6 lbs roasted seeded and peeled blue hubbard squash
3 teaspoons salt
1 yellow onion, diced
3 tablespoons cooking oil
1 tablespoon garam masala
1 tablespoon curry powder
1/4 cup walnut or almond butter (or cream, if you're into that)
up to 1 tablespoon sugar
up to 1/4 cup apple cider vinegar

Heat the squash over medium heat and then mash with a potato masher until smooth. It may help to alternate mashing and cooking a few times, so this process may take a half hour. While the squash is becoming ever softer, smoother and more reduced, saute the onion in oil and salt until the onions are clear, then add the garam masala and curry powder and heat until the spices are fragrant, 1-2 minutes. Remove from heat and add this mixture, and the nut butter to the squash after you're happy with the squash consistency and confident that you wont want to mash it some more. Continue to reduce the squash until it is flavorful enough and sturdy enough to be a self-respecting side dish (How would it feel on a plate next to mashed potatoes?). Add a teaspoon of sugar and/or a tablespoon of vinegar at a time until the sugar balances the salt and the sharpness of the vinegar balances the mellowness of the squash. The final amount of vinegar and sugar will depend on the volume, flavor and moisture content of the squash. This can be served as a side dish and is super classy with crumbled feta cheese or fresh squeezed lemon and spiced pepitas.

Spiced Pepitas

Pepitas is synonymous with pumpkin seeds only it sounds sexier.
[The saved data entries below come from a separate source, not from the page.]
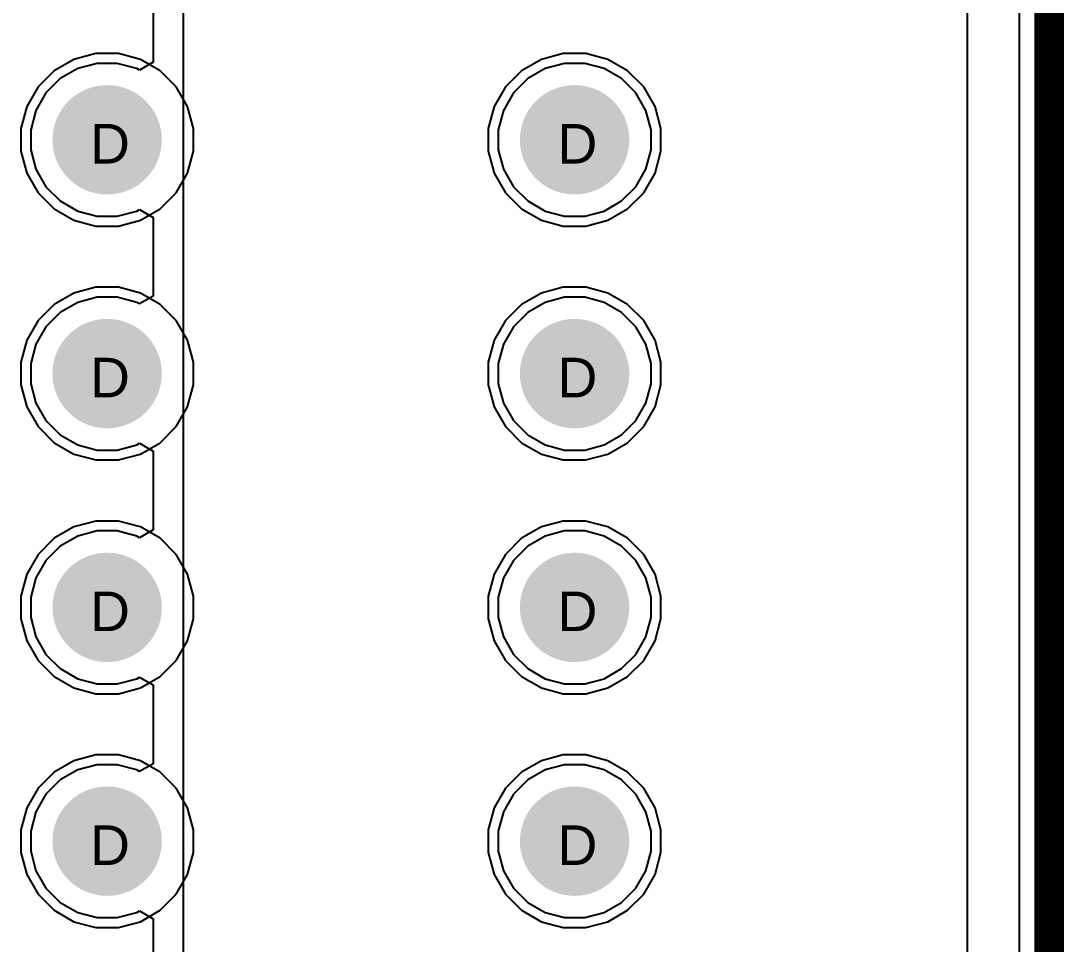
# Model space of a CAD drawing. Header units: inches. Extents: x 0 to 5379, y 0 to 5429.
# Drawn here: x 336.8 to 350.19, y 146.72 to 158.57 of the extents above; entities that cross this region are included whole.
import ezdxf

# ---------------------------------------------------------------- set-up
doc = ezdxf.new("R2010")
doc.units = ezdxf.units.IN
for name, color, linetype in [('Board Outline', 216, 'Continuous'), ('Bottom Layer', 5, 'Continuous'), ('Bottom Solder', 6, 'Continuous'), ('Drill Drawing', 1, 'Continuous'), ('GND01', 16, 'Continuous'), ('GND02', 76, 'Continuous'), ('PWR', 156, 'Continuous'), ('SIG 01', 90, 'Continuous'), ('Top Layer', 1, 'Continuous'), ('Top Solder', 216, 'Continuous'), ('Via Holes', 16, 'Continuous')]:
    doc.layers.add(name, color=color, linetype=linetype)
doc.styles.add('Arial', font='', dxfattribs={"height": 0.2})
doc.styles.get('Arial').set_extended_font_data('Arial')

msp = doc.modelspace()

# ---------------------------------------------------------------- hatches: boundary and pattern name
at = {"layer": 'Bottom Layer'}
h = msp.add_hatch(color=5, dxfattribs=at)
edge = h.paths.add_edge_path()
edge.add_arc((337.907, 157.04), 0.6, 0, 360)
h = msp.add_hatch(color=5, dxfattribs=at)
edge = h.paths.add_edge_path()
edge.add_arc((343.907, 157.04), 0.6, 0, 360)
h = msp.add_hatch(color=5, dxfattribs=at)
edge = h.paths.add_edge_path()
edge.add_arc((337.907, 154.04), 0.6, 0, 360)
h = msp.add_hatch(color=5, dxfattribs=at)
edge = h.paths.add_edge_path()
edge.add_arc((343.907, 154.04), 0.6, 0, 360)
h = msp.add_hatch(color=5, dxfattribs=at)
edge = h.paths.add_edge_path()
edge.add_arc((337.907, 151.04), 0.6, 0, 360)
h = msp.add_hatch(color=5, dxfattribs=at)
edge = h.paths.add_edge_path()
edge.add_arc((343.907, 151.04), 0.6, 0, 360)
h = msp.add_hatch(color=5, dxfattribs=at)
edge = h.paths.add_edge_path()
edge.add_arc((337.907, 148.04), 0.6, 0, 360)
h = msp.add_hatch(color=5, dxfattribs=at)
edge = h.paths.add_edge_path()
edge.add_arc((343.907, 148.04), 0.6, 0, 360)
at = {"layer": 'Bottom Solder'}
h = msp.add_hatch(color=6, dxfattribs=at)
edge = h.paths.add_edge_path()
edge.add_arc((337.907, 157.04), 0.702, 0, 360)
h = msp.add_hatch(color=6, dxfattribs=at)
edge = h.paths.add_edge_path()
edge.add_arc((343.907, 157.04), 0.702, 0, 360)
h = msp.add_hatch(color=6, dxfattribs=at)
edge = h.paths.add_edge_path()
edge.add_arc((337.907, 154.04), 0.702, 0, 360)
h = msp.add_hatch(color=6, dxfattribs=at)
edge = h.paths.add_edge_path()
edge.add_arc((343.907, 154.04), 0.702, 0, 360)
h = msp.add_hatch(color=6, dxfattribs=at)
edge = h.paths.add_edge_path()
edge.add_arc((337.907, 151.04), 0.702, 0, 360)
h = msp.add_hatch(color=6, dxfattribs=at)
edge = h.paths.add_edge_path()
edge.add_arc((343.907, 151.04), 0.702, 0, 360)
h = msp.add_hatch(color=6, dxfattribs=at)
edge = h.paths.add_edge_path()
edge.add_arc((337.907, 148.04), 0.702, 0, 360)
h = msp.add_hatch(color=6, dxfattribs=at)
edge = h.paths.add_edge_path()
edge.add_arc((343.907, 148.04), 0.702, 0, 360)
at = {"layer": 'GND01'}
h = msp.add_hatch(color=16, dxfattribs=at)
edge = h.paths.add_edge_path()
edge.add_arc((337.907, 157.04), 0.6, 0, 360)
h = msp.add_hatch(color=16, dxfattribs=at)
edge = h.paths.add_edge_path()
edge.add_arc((343.907, 157.04), 0.6, 0, 360)
h = msp.add_hatch(color=16, dxfattribs=at)
edge = h.paths.add_edge_path()
edge.add_arc((337.907, 154.04), 0.6, 0, 360)
h = msp.add_hatch(color=16, dxfattribs=at)
edge = h.paths.add_edge_path()
edge.add_arc((343.907, 154.04), 0.6, 0, 360)
h = msp.add_hatch(color=16, dxfattribs=at)
edge = h.paths.add_edge_path()
edge.add_arc((337.907, 151.04), 0.6, 0, 360)
h = msp.add_hatch(color=16, dxfattribs=at)
edge = h.paths.add_edge_path()
edge.add_arc((343.907, 151.04), 0.6, 0, 360)
h = msp.add_hatch(color=16, dxfattribs=at)
edge = h.paths.add_edge_path()
edge.add_arc((337.907, 148.04), 0.6, 0, 360)
h = msp.add_hatch(color=16, dxfattribs=at)
edge = h.paths.add_edge_path()
edge.add_arc((343.907, 148.04), 0.6, 0, 360)
at = {"layer": 'GND02'}
h = msp.add_hatch(color=76, dxfattribs=at)
edge = h.paths.add_edge_path()
edge.add_arc((337.907, 157.04), 0.6, 0, 360)
h = msp.add_hatch(color=76, dxfattribs=at)
edge = h.paths.add_edge_path()
edge.add_arc((343.907, 157.04), 0.6, 0, 360)
h = msp.add_hatch(color=76, dxfattribs=at)
edge = h.paths.add_edge_path()
edge.add_arc((337.907, 154.04), 0.6, 0, 360)
h = msp.add_hatch(color=76, dxfattribs=at)
edge = h.paths.add_edge_path()
edge.add_arc((343.907, 154.04), 0.6, 0, 360)
h = msp.add_hatch(color=76, dxfattribs=at)
edge = h.paths.add_edge_path()
edge.add_arc((337.907, 151.04), 0.6, 0, 360)
h = msp.add_hatch(color=76, dxfattribs=at)
edge = h.paths.add_edge_path()
edge.add_arc((343.907, 151.04), 0.6, 0, 360)
h = msp.add_hatch(color=76, dxfattribs=at)
edge = h.paths.add_edge_path()
edge.add_arc((337.907, 148.04), 0.6, 0, 360)
h = msp.add_hatch(color=76, dxfattribs=at)
edge = h.paths.add_edge_path()
edge.add_arc((343.907, 148.04), 0.6, 0, 360)
at = {"layer": 'PWR'}
h = msp.add_hatch(color=156, dxfattribs=at)
edge = h.paths.add_edge_path()
edge.add_arc((337.907, 157.04), 0.6, 0, 360)
h = msp.add_hatch(color=156, dxfattribs=at)
edge = h.paths.add_edge_path()
edge.add_arc((343.907, 157.04), 0.6, 0, 360)
h = msp.add_hatch(color=156, dxfattribs=at)
edge = h.paths.add_edge_path()
edge.add_arc((337.907, 154.04), 0.6, 0, 360)
h = msp.add_hatch(color=156, dxfattribs=at)
edge = h.paths.add_edge_path()
edge.add_arc((343.907, 154.04), 0.6, 0, 360)
h = msp.add_hatch(color=156, dxfattribs=at)
edge = h.paths.add_edge_path()
edge.add_arc((337.907, 151.04), 0.6, 0, 360)
h = msp.add_hatch(color=156, dxfattribs=at)
edge = h.paths.add_edge_path()
edge.add_arc((343.907, 151.04), 0.6, 0, 360)
h = msp.add_hatch(color=156, dxfattribs=at)
edge = h.paths.add_edge_path()
edge.add_arc((337.907, 148.04), 0.6, 0, 360)
h = msp.add_hatch(color=156, dxfattribs=at)
edge = h.paths.add_edge_path()
edge.add_arc((343.907, 148.04), 0.6, 0, 360)
at = {"layer": 'SIG 01'}
h = msp.add_hatch(color=90, dxfattribs=at)
edge = h.paths.add_edge_path()
edge.add_arc((337.907, 157.04), 0.6, 0, 360)
h = msp.add_hatch(color=90, dxfattribs=at)
edge = h.paths.add_edge_path()
edge.add_arc((343.907, 157.04), 0.6, 0, 360)
h = msp.add_hatch(color=90, dxfattribs=at)
edge = h.paths.add_edge_path()
edge.add_arc((337.907, 154.04), 0.6, 0, 360)
h = msp.add_hatch(color=90, dxfattribs=at)
edge = h.paths.add_edge_path()
edge.add_arc((343.907, 154.04), 0.6, 0, 360)
h = msp.add_hatch(color=90, dxfattribs=at)
edge = h.paths.add_edge_path()
edge.add_arc((337.907, 151.04), 0.6, 0, 360)
h = msp.add_hatch(color=90, dxfattribs=at)
edge = h.paths.add_edge_path()
edge.add_arc((343.907, 151.04), 0.6, 0, 360)
h = msp.add_hatch(color=90, dxfattribs=at)
edge = h.paths.add_edge_path()
edge.add_arc((337.907, 148.04), 0.6, 0, 360)
h = msp.add_hatch(color=90, dxfattribs=at)
edge = h.paths.add_edge_path()
edge.add_arc((343.907, 148.04), 0.6, 0, 360)
at = {"layer": 'Top Layer'}
h = msp.add_hatch(color=1, dxfattribs=at)
edge = h.paths.add_edge_path()
edge.add_arc((337.907, 157.04), 0.6, 0, 360)
h = msp.add_hatch(color=1, dxfattribs=at)
edge = h.paths.add_edge_path()
edge.add_arc((343.907, 157.04), 0.6, 0, 360)
h = msp.add_hatch(color=1, dxfattribs=at)
edge = h.paths.add_edge_path()
edge.add_arc((337.907, 154.04), 0.6, 0, 360)
h = msp.add_hatch(color=1, dxfattribs=at)
edge = h.paths.add_edge_path()
edge.add_arc((343.907, 154.04), 0.6, 0, 360)
h = msp.add_hatch(color=1, dxfattribs=at)
edge = h.paths.add_edge_path()
edge.add_arc((337.907, 151.04), 0.6, 0, 360)
h = msp.add_hatch(color=1, dxfattribs=at)
edge = h.paths.add_edge_path()
edge.add_arc((343.907, 151.04), 0.6, 0, 360)
h = msp.add_hatch(color=1, dxfattribs=at)
edge = h.paths.add_edge_path()
edge.add_arc((337.907, 148.04), 0.6, 0, 360)
h = msp.add_hatch(color=1, dxfattribs=at)
edge = h.paths.add_edge_path()
edge.add_arc((343.907, 148.04), 0.6, 0, 360)
at = {"layer": 'Top Solder'}
h = msp.add_hatch(color=216, dxfattribs=at)
edge = h.paths.add_edge_path()
edge.add_arc((337.907, 157.04), 0.702, 0, 360)
h = msp.add_hatch(color=216, dxfattribs=at)
edge = h.paths.add_edge_path()
edge.add_arc((343.907, 157.04), 0.702, 0, 360)
h = msp.add_hatch(color=216, dxfattribs=at)
edge = h.paths.add_edge_path()
edge.add_arc((337.907, 154.04), 0.702, 0, 360)
h = msp.add_hatch(color=216, dxfattribs=at)
edge = h.paths.add_edge_path()
edge.add_arc((343.907, 154.04), 0.702, 0, 360)
h = msp.add_hatch(color=216, dxfattribs=at)
edge = h.paths.add_edge_path()
edge.add_arc((337.907, 151.04), 0.702, 0, 360)
h = msp.add_hatch(color=216, dxfattribs=at)
edge = h.paths.add_edge_path()
edge.add_arc((343.907, 151.04), 0.702, 0, 360)
h = msp.add_hatch(color=216, dxfattribs=at)
edge = h.paths.add_edge_path()
edge.add_arc((337.907, 148.04), 0.702, 0, 360)
h = msp.add_hatch(color=216, dxfattribs=at)
edge = h.paths.add_edge_path()
edge.add_arc((343.907, 148.04), 0.702, 0, 360)
at = {"layer": 'Via Holes'}
h = msp.add_hatch(color=7, dxfattribs=at)
edge = h.paths.add_edge_path()
edge.add_arc((337.907, 157.04), 0.35, 0, 360)
h = msp.add_hatch(color=7, dxfattribs=at)
edge = h.paths.add_edge_path()
edge.add_arc((343.907, 157.04), 0.35, 0, 360)
h = msp.add_hatch(color=7, dxfattribs=at)
edge = h.paths.add_edge_path()
edge.add_arc((337.907, 154.04), 0.35, 0, 360)
h = msp.add_hatch(color=7, dxfattribs=at)
edge = h.paths.add_edge_path()
edge.add_arc((343.907, 154.04), 0.35, 0, 360)
h = msp.add_hatch(color=7, dxfattribs=at)
edge = h.paths.add_edge_path()
edge.add_arc((337.907, 151.04), 0.35, 0, 360)
h = msp.add_hatch(color=7, dxfattribs=at)
edge = h.paths.add_edge_path()
edge.add_arc((343.907, 151.04), 0.35, 0, 360)
h = msp.add_hatch(color=7, dxfattribs=at)
edge = h.paths.add_edge_path()
edge.add_arc((337.907, 148.04), 0.35, 0, 360)
h = msp.add_hatch(color=7, dxfattribs=at)
edge = h.paths.add_edge_path()
edge.add_arc((343.907, 148.04), 0.35, 0, 360)

# ---------------------------------------------------------------- linework, layer by layer
at = {"layer": 'Board Outline'}
msp.add_lwpolyline([(350, 0, 0.381, 0.381, 0), (350, 220, 0.381, 0.381, 0)], format="xyseb", dxfattribs=at)
at = {"layer": 'Bottom Layer'}
msp.add_line((348.945, 208.562), (348.945, 111.91), dxfattribs=at)
at = {"layer": 'GND01'}
for p, q in [((349.612, 219.612), (349.612, 0.388)), ((337.48, 158.072), (337.227, 157.926)), ((337.762, 158.148), (337.48, 158.072)), ((338.053, 158.148), (337.762, 158.148)), ((338.335, 158.072), (338.053, 158.148)), ((338.588, 157.926), (338.335, 158.072)), ((343.48, 158.072), (343.227, 157.926)), ((343.762, 158.148), (343.48, 158.072)), ((344.053, 158.148), (343.762, 158.148)), ((344.335, 158.072), (344.053, 158.148)), ((344.588, 157.926), (344.335, 158.072)), ((337.227, 157.926), (337.021, 157.72)), ((338.794, 157.72), (338.588, 157.926)), ((343.227, 157.926), (343.021, 157.72)), ((344.794, 157.72), (344.588, 157.926)), ((337.021, 157.72), (336.875, 157.467)), ((338.94, 157.467), (338.794, 157.72)), ((343.021, 157.72), (342.875, 157.467)), ((344.94, 157.467), (344.794, 157.72)), ((336.875, 157.467), (336.799, 157.185)), ((339.015, 157.185), (338.94, 157.467)), ((342.875, 157.467), (342.799, 157.185)), ((345.015, 157.185), (344.94, 157.467)), ((336.799, 157.185), (336.799, 156.894)), ((339.015, 156.894), (339.015, 157.185)), ((342.799, 157.185), (342.799, 156.894)), ((345.015, 156.894), (345.015, 157.185)), ((336.799, 156.894), (336.875, 156.612)), ((338.94, 156.612), (339.015, 156.894)), ((342.799, 156.894), (342.875, 156.612)), ((344.94, 156.612), (345.015, 156.894)), ((336.875, 156.612), (337.021, 156.359)), ((338.794, 156.359), (338.94, 156.612)), ((342.875, 156.612), (343.021, 156.359)), ((344.794, 156.359), (344.94, 156.612)), ((337.021, 156.359), (337.227, 156.153)), ((338.588, 156.153), (338.794, 156.359)), ((343.021, 156.359), (343.227, 156.153)), ((344.588, 156.153), (344.794, 156.359)), ((337.227, 156.153), (337.48, 156.007)), ((338.335, 156.007), (338.588, 156.153)), ((343.227, 156.153), (343.48, 156.007)), ((344.335, 156.007), (344.588, 156.153)), ((337.48, 156.007), (337.762, 155.932)), ((338.053, 155.932), (338.335, 156.007)), ((343.48, 156.007), (343.762, 155.932)), ((344.053, 155.932), (344.335, 156.007)), ((337.762, 155.932), (338.053, 155.932)), ((343.762, 155.932), (344.053, 155.932)), ((337.48, 155.072), (337.227, 154.926)), ((337.762, 155.148), (337.48, 155.072)), ((338.053, 155.148), (337.762, 155.148)), ((338.335, 155.072), (338.053, 155.148)), ((338.588, 154.926), (338.335, 155.072)), ((343.48, 155.072), (343.227, 154.926)), ((343.762, 155.148), (343.48, 155.072)), ((344.053, 155.148), (343.762, 155.148)), ((344.335, 155.072), (344.053, 155.148)), ((344.588, 154.926), (344.335, 155.072)), ((337.227, 154.926), (337.021, 154.72)), ((338.794, 154.72), (338.588, 154.926)), ((343.227, 154.926), (343.021, 154.72)), ((344.794, 154.72), (344.588, 154.926)), ((337.021, 154.72), (336.875, 154.467)), ((338.94, 154.467), (338.794, 154.72)), ((343.021, 154.72), (342.875, 154.467)), ((344.94, 154.467), (344.794, 154.72)), ((336.875, 154.467), (336.799, 154.185)), ((339.015, 154.185), (338.94, 154.467)), ((342.875, 154.467), (342.799, 154.185)), ((345.015, 154.185), (344.94, 154.467)), ((336.799, 154.185), (336.799, 153.894)), ((339.015, 153.894), (339.015, 154.185)), ((342.799, 154.185), (342.799, 153.894)), ((345.015, 153.894), (345.015, 154.185)), ((336.799, 153.894), (336.875, 153.612)), ((338.94, 153.612), (339.015, 153.894)), ((342.799, 153.894), (342.875, 153.612)), ((344.94, 153.612), (345.015, 153.894)), ((336.875, 153.612), (337.021, 153.359)), ((338.794, 153.359), (338.94, 153.612)), ((342.875, 153.612), (343.021, 153.359)), ((344.794, 153.359), (344.94, 153.612)), ((337.021, 153.359), (337.227, 153.153)), ((338.588, 153.153), (338.794, 153.359)), ((343.021, 153.359), (343.227, 153.153)), ((344.588, 153.153), (344.794, 153.359)), ((337.227, 153.153), (337.48, 153.007)), ((338.335, 153.007), (338.588, 153.153)), ((343.227, 153.153), (343.48, 153.007)), ((344.335, 153.007), (344.588, 153.153)), ((337.48, 153.007), (337.762, 152.932)), ((337.762, 152.932), (338.053, 152.932)), ((338.053, 152.932), (338.335, 153.007)), ((343.48, 153.007), (343.762, 152.932)), ((343.762, 152.932), (344.053, 152.932)), ((344.053, 152.932), (344.335, 153.007)), ((337.762, 152.148), (337.48, 152.072)), ((338.053, 152.148), (337.762, 152.148)), ((338.335, 152.072), (338.053, 152.148)), ((343.762, 152.148), (343.48, 152.072)), ((344.053, 152.148), (343.762, 152.148)), ((344.335, 152.072), (344.053, 152.148)), ((337.48, 152.072), (337.227, 151.926)), ((338.588, 151.926), (338.335, 152.072)), ((343.48, 152.072), (343.227, 151.926)), ((344.588, 151.926), (344.335, 152.072)), ((337.227, 151.926), (337.021, 151.72)), ((338.794, 151.72), (338.588, 151.926)), ((343.227, 151.926), (343.021, 151.72)), ((344.794, 151.72), (344.588, 151.926)), ((337.021, 151.72), (336.875, 151.467)), ((338.94, 151.467), (338.794, 151.72)), ((343.021, 151.72), (342.875, 151.467)), ((344.94, 151.467), (344.794, 151.72)), ((336.875, 151.467), (336.799, 151.185)), ((339.015, 151.185), (338.94, 151.467)), ((342.875, 151.467), (342.799, 151.185)), ((345.015, 151.185), (344.94, 151.467)), ((336.799, 151.185), (336.799, 150.894)), ((339.015, 150.894), (339.015, 151.185)), ((342.799, 151.185), (342.799, 150.894)), ((345.015, 150.894), (345.015, 151.185)), ((336.799, 150.894), (336.875, 150.612)), ((338.94, 150.612), (339.015, 150.894)), ((342.799, 150.894), (342.875, 150.612)), ((344.94, 150.612), (345.015, 150.894)), ((336.875, 150.612), (337.021, 150.359)), ((338.794, 150.359), (338.94, 150.612)), ((342.875, 150.612), (343.021, 150.359)), ((344.794, 150.359), (344.94, 150.612)), ((337.021, 150.359), (337.227, 150.153)), ((338.588, 150.153), (338.794, 150.359)), ((343.021, 150.359), (343.227, 150.153)), ((344.588, 150.153), (344.794, 150.359)), ((337.227, 150.153), (337.48, 150.007)), ((338.335, 150.007), (338.588, 150.153)), ((343.227, 150.153), (343.48, 150.007)), ((344.335, 150.007), (344.588, 150.153)), ((337.48, 150.007), (337.762, 149.932)), ((338.053, 149.932), (338.335, 150.007)), ((343.48, 150.007), (343.762, 149.932)), ((344.053, 149.932), (344.335, 150.007)), ((337.762, 149.932), (338.053, 149.932)), ((343.762, 149.932), (344.053, 149.932)), ((337.48, 149.072), (337.227, 148.926)), ((337.762, 149.148), (337.48, 149.072)), ((338.053, 149.148), (337.762, 149.148)), ((338.335, 149.072), (338.053, 149.148)), ((338.588, 148.926), (338.335, 149.072)), ((343.48, 149.072), (343.227, 148.926)), ((343.762, 149.148), (343.48, 149.072)), ((344.053, 149.148), (343.762, 149.148)), ((344.335, 149.072), (344.053, 149.148)), ((344.588, 148.926), (344.335, 149.072)), ((337.227, 148.926), (337.021, 148.72)), ((338.794, 148.72), (338.588, 148.926)), ((343.227, 148.926), (343.021, 148.72)), ((344.794, 148.72), (344.588, 148.926)), ((337.021, 148.72), (336.875, 148.467)), ((338.94, 148.467), (338.794, 148.72)), ((343.021, 148.72), (342.875, 148.467)), ((344.94, 148.467), (344.794, 148.72)), ((336.875, 148.467), (336.799, 148.185)), ((339.015, 148.185), (338.94, 148.467)), ((342.875, 148.467), (342.799, 148.185)), ((345.015, 148.185), (344.94, 148.467)), ((336.799, 148.185), (336.799, 147.894)), ((339.015, 147.894), (339.015, 148.185)), ((342.799, 148.185), (342.799, 147.894)), ((345.015, 147.894), (345.015, 148.185)), ((336.799, 147.894), (336.875, 147.612)), ((338.94, 147.612), (339.015, 147.894)), ((342.799, 147.894), (342.875, 147.612)), ((344.94, 147.612), (345.015, 147.894)), ((336.875, 147.612), (337.021, 147.359)), ((338.794, 147.359), (338.94, 147.612)), ((342.875, 147.612), (343.021, 147.359)), ((344.794, 147.359), (344.94, 147.612)), ((337.021, 147.359), (337.227, 147.153)), ((338.588, 147.153), (338.794, 147.359)), ((343.021, 147.359), (343.227, 147.153)), ((344.588, 147.153), (344.794, 147.359)), ((337.227, 147.153), (337.48, 147.007)), ((338.335, 147.007), (338.588, 147.153)), ((343.227, 147.153), (343.48, 147.007)), ((344.335, 147.007), (344.588, 147.153)), ((337.48, 147.007), (337.762, 146.932)), ((337.762, 146.932), (338.053, 146.932)), ((338.053, 146.932), (338.335, 147.007)), ((343.48, 147.007), (343.762, 146.932)), ((343.762, 146.932), (344.053, 146.932)), ((344.053, 146.932), (344.335, 147.007))]:
    msp.add_line(p, q, dxfattribs=at)
at = {"layer": 'GND02'}
for p, q in [((349.612, 219.612), (349.612, 0.388)), ((337.48, 158.072), (337.227, 157.926)), ((337.762, 158.148), (337.48, 158.072)), ((338.053, 158.148), (337.762, 158.148)), ((338.335, 158.072), (338.053, 158.148)), ((338.588, 157.926), (338.335, 158.072)), ((343.48, 158.072), (343.227, 157.926)), ((343.762, 158.148), (343.48, 158.072)), ((344.053, 158.148), (343.762, 158.148)), ((344.335, 158.072), (344.053, 158.148)), ((344.588, 157.926), (344.335, 158.072)), ((337.227, 157.926), (337.021, 157.72)), ((338.794, 157.72), (338.588, 157.926)), ((343.227, 157.926), (343.021, 157.72)), ((344.794, 157.72), (344.588, 157.926)), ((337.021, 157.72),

These guys are great on pretty much anything, but yogurt, soup and curries are the first to jump to mind.

1 1/2 teaspoon sugar
pinch salt
1 teaspoon fresh ground nutmeg
1 teaspoon lemon zest
1/2 cup pumpkin seeds

Combine the sugar, salt, nutmeg and lemon zest in a small bowl and set it, along with a plate or parchment paper, within arms reach of your heat source. Heat the pumkin seeds in a dry pan over medium heat, stirring constantly. When all of the pumpkin seeds are puffed up and many of them have turned brown, add the sugar mixture and continue to stir until the sugar is melted. If the sugar doesn't start to melt within a few seconds, turn up the heat, continuing to stir constantly. Once the sugar has melted, immediately pour the seeds onto the plate or parchment paper and spread them out to cool.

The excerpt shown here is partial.